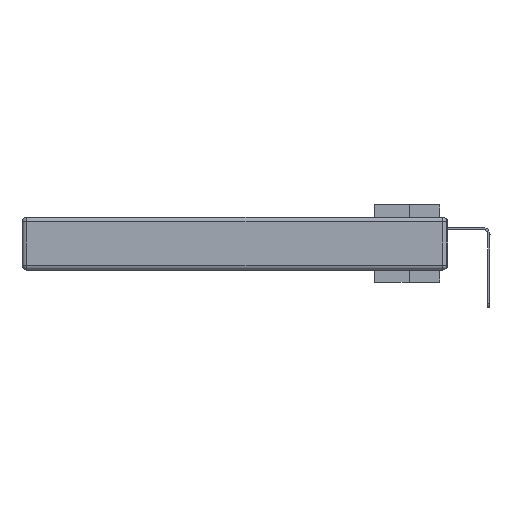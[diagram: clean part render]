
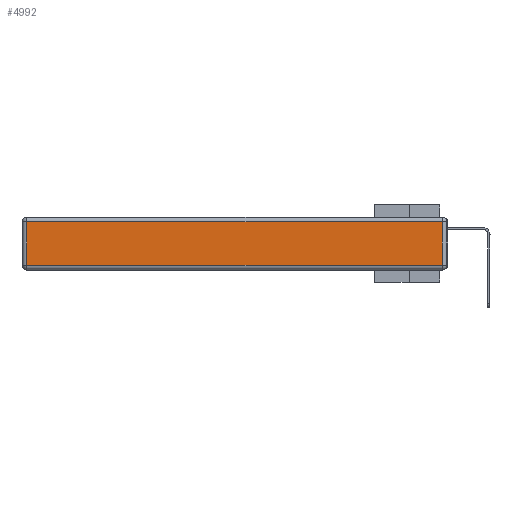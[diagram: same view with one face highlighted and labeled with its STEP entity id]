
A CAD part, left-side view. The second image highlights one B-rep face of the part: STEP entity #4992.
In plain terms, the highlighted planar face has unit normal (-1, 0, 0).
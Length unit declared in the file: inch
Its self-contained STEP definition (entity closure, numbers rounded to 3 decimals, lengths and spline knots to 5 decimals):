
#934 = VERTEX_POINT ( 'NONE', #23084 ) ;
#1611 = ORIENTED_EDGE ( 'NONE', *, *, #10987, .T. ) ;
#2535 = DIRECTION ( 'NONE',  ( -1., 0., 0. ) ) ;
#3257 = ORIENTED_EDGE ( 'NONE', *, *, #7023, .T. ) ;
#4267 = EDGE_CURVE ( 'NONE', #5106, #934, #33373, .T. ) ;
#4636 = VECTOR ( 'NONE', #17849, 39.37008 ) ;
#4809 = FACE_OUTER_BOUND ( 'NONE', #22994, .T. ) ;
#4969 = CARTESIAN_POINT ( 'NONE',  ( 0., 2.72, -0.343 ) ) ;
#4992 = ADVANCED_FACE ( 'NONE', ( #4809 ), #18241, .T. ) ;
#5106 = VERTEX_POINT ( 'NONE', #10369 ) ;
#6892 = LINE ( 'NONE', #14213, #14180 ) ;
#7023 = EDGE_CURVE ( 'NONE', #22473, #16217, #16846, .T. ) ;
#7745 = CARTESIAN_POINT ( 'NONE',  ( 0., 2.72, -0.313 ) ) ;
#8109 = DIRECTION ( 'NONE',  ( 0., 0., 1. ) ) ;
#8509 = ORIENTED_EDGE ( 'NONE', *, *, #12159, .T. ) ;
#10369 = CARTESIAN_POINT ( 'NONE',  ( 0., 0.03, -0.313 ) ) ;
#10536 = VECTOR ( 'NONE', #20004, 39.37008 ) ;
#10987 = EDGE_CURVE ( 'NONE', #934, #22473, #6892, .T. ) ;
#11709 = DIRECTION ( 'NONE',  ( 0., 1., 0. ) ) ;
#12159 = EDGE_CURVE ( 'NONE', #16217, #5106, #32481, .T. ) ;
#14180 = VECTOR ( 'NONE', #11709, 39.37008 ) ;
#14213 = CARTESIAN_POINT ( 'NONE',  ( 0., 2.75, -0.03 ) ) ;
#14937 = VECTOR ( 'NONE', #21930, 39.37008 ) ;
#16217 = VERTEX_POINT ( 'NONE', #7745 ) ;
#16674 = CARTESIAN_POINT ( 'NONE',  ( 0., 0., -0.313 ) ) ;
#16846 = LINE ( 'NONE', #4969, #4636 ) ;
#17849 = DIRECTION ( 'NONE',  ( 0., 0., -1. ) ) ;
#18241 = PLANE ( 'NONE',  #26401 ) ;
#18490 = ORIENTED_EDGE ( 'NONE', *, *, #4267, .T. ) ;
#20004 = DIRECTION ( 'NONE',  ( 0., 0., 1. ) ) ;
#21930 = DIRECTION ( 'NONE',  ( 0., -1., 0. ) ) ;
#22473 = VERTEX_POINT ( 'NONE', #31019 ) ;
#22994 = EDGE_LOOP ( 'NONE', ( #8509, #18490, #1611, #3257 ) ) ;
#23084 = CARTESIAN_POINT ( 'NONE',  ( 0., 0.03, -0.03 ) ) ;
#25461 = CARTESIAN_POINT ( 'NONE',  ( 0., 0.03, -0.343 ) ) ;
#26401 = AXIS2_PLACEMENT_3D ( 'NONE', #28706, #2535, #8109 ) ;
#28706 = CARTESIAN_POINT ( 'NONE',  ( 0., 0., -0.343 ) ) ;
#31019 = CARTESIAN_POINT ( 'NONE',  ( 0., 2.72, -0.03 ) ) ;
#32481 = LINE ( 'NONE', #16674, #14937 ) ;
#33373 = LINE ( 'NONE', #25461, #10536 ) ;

## Brief
Leave out the pictures. Transcribe only the lines above, from the first through the one that contains "#6892 = LINE ( 'NONE', #14213, #14180 ) ;".

## Task output
[diagram: clean part render]
[diagram: same view with one face highlighted and labeled with its STEP entity id]
A CAD part, left-side view. The second image highlights one B-rep face of the part: STEP entity #4992.
In plain terms, the highlighted planar face has unit normal (-1, 0, 0).
Length unit declared in the file: inch
Its self-contained STEP definition (entity closure, numbers rounded to 3 decimals, lengths and spline knots to 5 decimals):
#934 = VERTEX_POINT ( 'NONE', #23084 ) ;
#1611 = ORIENTED_EDGE ( 'NONE', *, *, #10987, .T. ) ;
#2535 = DIRECTION ( 'NONE',  ( -1., 0., 0. ) ) ;
#3257 = ORIENTED_EDGE ( 'NONE', *, *, #7023, .T. ) ;
#4267 = EDGE_CURVE ( 'NONE', #5106, #934, #33373, .T. ) ;
#4636 = VECTOR ( 'NONE', #17849, 39.37008 ) ;
#4809 = FACE_OUTER_BOUND ( 'NONE', #22994, .T. ) ;
#4969 = CARTESIAN_POINT ( 'NONE',  ( 0., 2.72, -0.343 ) ) ;
#4992 = ADVANCED_FACE ( 'NONE', ( #4809 ), #18241, .T. ) ;
#5106 = VERTEX_POINT ( 'NONE', #10369 ) ;
#6892 = LINE ( 'NONE', #14213, #14180 ) ;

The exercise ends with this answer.